Jene Luftentfeuchtungsgeräte, die mit der Prozedur der Adsorption arbeiten, haben also nach dem aktuellen Vorgang im Inneren die getrocknete Luft, die anschließend neuerlich im den Raum entlassen wird. Bei nassen Garagen, Lagerhallen oder Gebäuden, die nicht gewärmt werden, ist das Austrocknen mit der Adsorptionstechnik diejenige, die zur Trocknung vorgeschlagen wird. Hat man z. B. einen Wasserrohrbruch, so ist es nicht sinnvoll, diese Prozedur anzuwenden, da sie hochpreisig und schwierig ist. Darüber hinaus gibt es Luftentfeuchtungsgeräte, die mit der Technik der Peltiertrocknung arbeiten.  Hierbei leitet man Gleichstrom in ein thermoelektrisches Element. Dieses Element hat zwei Seiten, von denen die eine erwärmt wird und die andere für Abkühlung sorgt. Da die Temperaturen sehr verschieden sind, kann das Wasser einfach von dem Gerät aus der Raumluft gesaugt werden. Will man einen Raum trocknen, ist von einem Peltier-Trockner abzuraten. Wegen des geringfügigen Wirkungsgrades werden jene Luftentfeuchtungsgeräte im Regelfall nur in PCs oder Servern eingesetzt, um Feuchtigkeit zu absorbieren.

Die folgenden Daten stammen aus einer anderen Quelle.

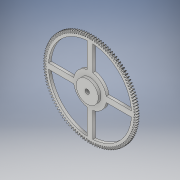
# Autodesk Inventor part: servo-gear
Saved by Autodesk Inventor 2017 (Build 210142000, 142)
## iProperties
Created: 2016-11-23
Part Number: servo-gear
Material: Generic
Document SubType Name: Modeling
Designer: cody
Density: 1 g/cm^3
Appearance: Default
Author: cody
Autodesk Inventor part; units mm, degrees
ref_plane "YZ Plane" through (0, 0, 0) normal (1, 0, 0) x (0, 1, 0)
ref_plane "XZ Plane" through (0, 0, 0) normal (0, 1, 0) x (-1, 0, 0)
ref_plane "XY Plane" through (0, 0, 0) normal (0, 0, 1) x (1, 0, 0)
sketch "Sketch1" plane through (0, 0, 0) normal (0, 0, 1) x (1, 0, 0)
  circle A0 centre (0, 0) radius 25.4
  dimension "d31" = 50.8
  constraints: 1 centre point
  measures "d31" diameter of A0
extrude "Extrusion1" add sketch "Sketch1" along normal blind 1.5875
sketch "Sketch2" plane through (0, 0, 1.5875) normal (0, 0, 1) x (1, 0, 0)
  arc A0 (-50.8, 0) -> (50.8, 0) centre (0, 0) ccw projected
  circle A1 centre (0, 0) radius 1.27
  circle A2 centre (0, 0) radius 6.35
  dimension "d4" = 2.54
  dimension "d5" = 12.7
  constraints: 2 centre point, 2 coincident
  measures "d4" diameter of A1
  measures "d5" diameter of A2
extrude "Extrusion2" add sketch "Sketch2" along normal mid plane 3.175
sketch "Sketch3" plane through (0, 0, 1.5875) normal (0, 0, 1) x (1, 0, 0)
  arc A0 (6.35, 0) -> (6.35, 0) centre (0, 0) ccw projected
  circle A1 centre (0, 0) radius 1.27 projected
  circle A2 centre (0, 0) radius 6.35 construction
  circle A3 centre (0, 0) radius 25.4 projected
  circle A4 centre (0, 0) radius 9.525
  circle A5 centre (0, 0) radius 1.27 projected
  circle A6 centre (0, 0) radius 23.9712
  line L0 (-55.569, 0) -> (51.7908, 0) construction
  line L1 (0, 41.5641) -> (0, -44.9408) construction
  line L2 (-23.9186, 1.5875) -> (-9.3918, 1.5875)
  line L3 (-23.9186, -1.5875) -> (-9.3918, -1.5875)
  line L4 (1.5875, 23.9186) -> (1.5875, 9.3918)
  line L5 (-1.5875, 23.9186) -> (-1.5875, 9.3918)
  line L6 (9.3918, -1.5875) -> (23.9186, -1.5875)
  line L7 (9.3918, 1.5875) -> (23.9186, 1.5875)
  line L8 (1.5875, -9.3918) -> (1.5875, -23.9186)
  line L9 (-1.5875, -9.3918) -> (-1.5875, -23.9186)
  dimension "d32" = 19.05
  dimension "d33" = 47.9425
  dimension "d38" = 50.8
  dimension "d40" = 3.175
  dimension "d41" = 14.5288
  dimension "d42" = 3.175
  dimension "d43" = 14.5268
  dimension "d44" = 3.175
  dimension "d45" = 3.175
  dimension "d46" = 14.5268
  dimension "d47" = 14.5268
  constraints: 20 end point, 8 parallel, 3 coincident, 2 horizontal, 1 centre point, 1 vertical, 21 other
  measures "d38" diameter of A3
  measures "d40" distance between parallel lines of L2 L3
  measures "d42" distance between parallel lines of L4 L5
  measures "d43" distance of L4.start L4.end
  measures "d44" distance of L6.end L7.end
  measures "d45" distance between parallel lines of L9 L8
  measures "d46" distance of L6.start L6.end
  measures "d47" distance of L8.start L8.end
extrude "Extrusion3" cut sketch "Sketch3" against normal blind 1.5875 contours A4 L4 A6 L7 | L6 A6 L8 A4 | A4 L2 A6 L5 | L9 A6 L3 A4
sketch "Sketch4" plane through (0, 0, 1.5875) normal (0, 0, 1) x (1, 0, 0)
  line L0 (0, -30.215) -> (0, -20.5175) construction
  circle A0 centre (0, 0) radius 25.4 projected
  circle A1 centre (0, 0) radius 6.35 projected
  arc A2 (-0.381, -25.3971) -> (0.381, -25.3971) centre (0, 0) ccw
  line L1 (0.127, -30.215) -> (0.127, -20.5175) construction
  line L2 (-0.127, -30.215) -> (-0.127, -20.5175) construction
  circle A3 centre (0, 0) radius 25.4 projected
  line L3 (-0.5678, -26.924) -> (0.7146, -26.924) construction
  line L4 (0.381, -30.215) -> (0.381, -20.5175) construction
  line L5 (-0.381, -30.215) -> (-0.381, -20.5175) construction
  arc A4 (0.1562, -26.8357) -> (0.381, -25.3971) centre (-4.3352, -25.3971) ccw
  line L6 (0, -26.924) -> (0.0353, -26.924)
  arc A5 (0.0353, -26.924) -> (0.1562, -26.8357) centre (0.0353, -26.797) ccw
  arc A6 (-0.381, -25.3971) -> (-0.1562, -26.8357) centre (4.3352, -25.3971) ccw
  line L7 (0, -26.924) -> (-0.0353, -26.924)
  arc A7 (-0.1562, -26.8357) -> (-0.0353, -26.924) centre (-0.0353, -26.797) ccw
  arc A8 (1.5875, -23.9186) -> (23.9186, -1.5875) centre (0, 0) ccw projected
  arc A9 (-0.381, -25.3971) -> (0.381, -25.3971) centre (0, 0) ccw
  point P0 (0.127, -26.924)
  point P1 (-0.127, -26.924)
  dimension "d62" = 0.127
  dimension "d64" = 1.524
  dimension "d65" = 0.254
  dimension "d66" = 0.127
  constraints: 16 end point, 14 point on circle, 10 symmetric about line, 7 point on line, 6 centre point, 3 tangent, 2 coincident, 2 parallel, 2 vertical, 1 collinear, 1 concentric, 1 horizontal, 4 other
  measures "d62" distance between parallel lines of L0 L1
  measures "d64" distance edge to line of A0 L3
  measures "d65" distance between parallel lines of L1 L4
  measures "d66" radius of A5
extrude "Extrusion4" add sketch "Sketch4" against normal blind 1.5875 contours A0 A4 A5 L6 L7 A7 A6
pattern_circular "Circular Pattern2" count 121 over 360 about axis through (0, 0, -10) along (0, 0, 1) of "Extrusion4"
sketch "Sketch6" plane through (0, 0, 3.175) normal (0, 0, 1) x (1, 0, 0)
  circle A0 centre (0, 0) radius 1.27 projected
  circle A1 centre (0, 0) radius 6.35 projected
  dimension "d55" = 2.54
  dimension "d56" = 12.7
  measures "d55" diameter of A0
  measures "d56" diameter of A1
extrude "Extrusion5" cut sketch "Sketch6" against normal through all contours A0
body "Solid1"

Es gibt auch noch die Granulattrocknung. In diesem Zusammenhang nutzt man einen Behälter, das ein Granulat aus Salzkristallen oder chemischen Stoffen inkludiert. Jenes Granulat entzieht die Feuchte aus der Raumluft.  Feuchte Kleiderkästen werden mit dieser Prozedur nicht selten getrocknet. Möchte man sich eines der Luftentfeuchtungsgeräte zulegen, hat man ein paar Möglichkeiten. Baumärkte und Maschinenverleihe haben jene Apparate heutzutage sehr oft in ihrem Produktangebot. Benötigt man das Gerät öfter, so wäre es möglicherweise sinnvoller und auch günstiger, ein solches käuflich zu erwerben.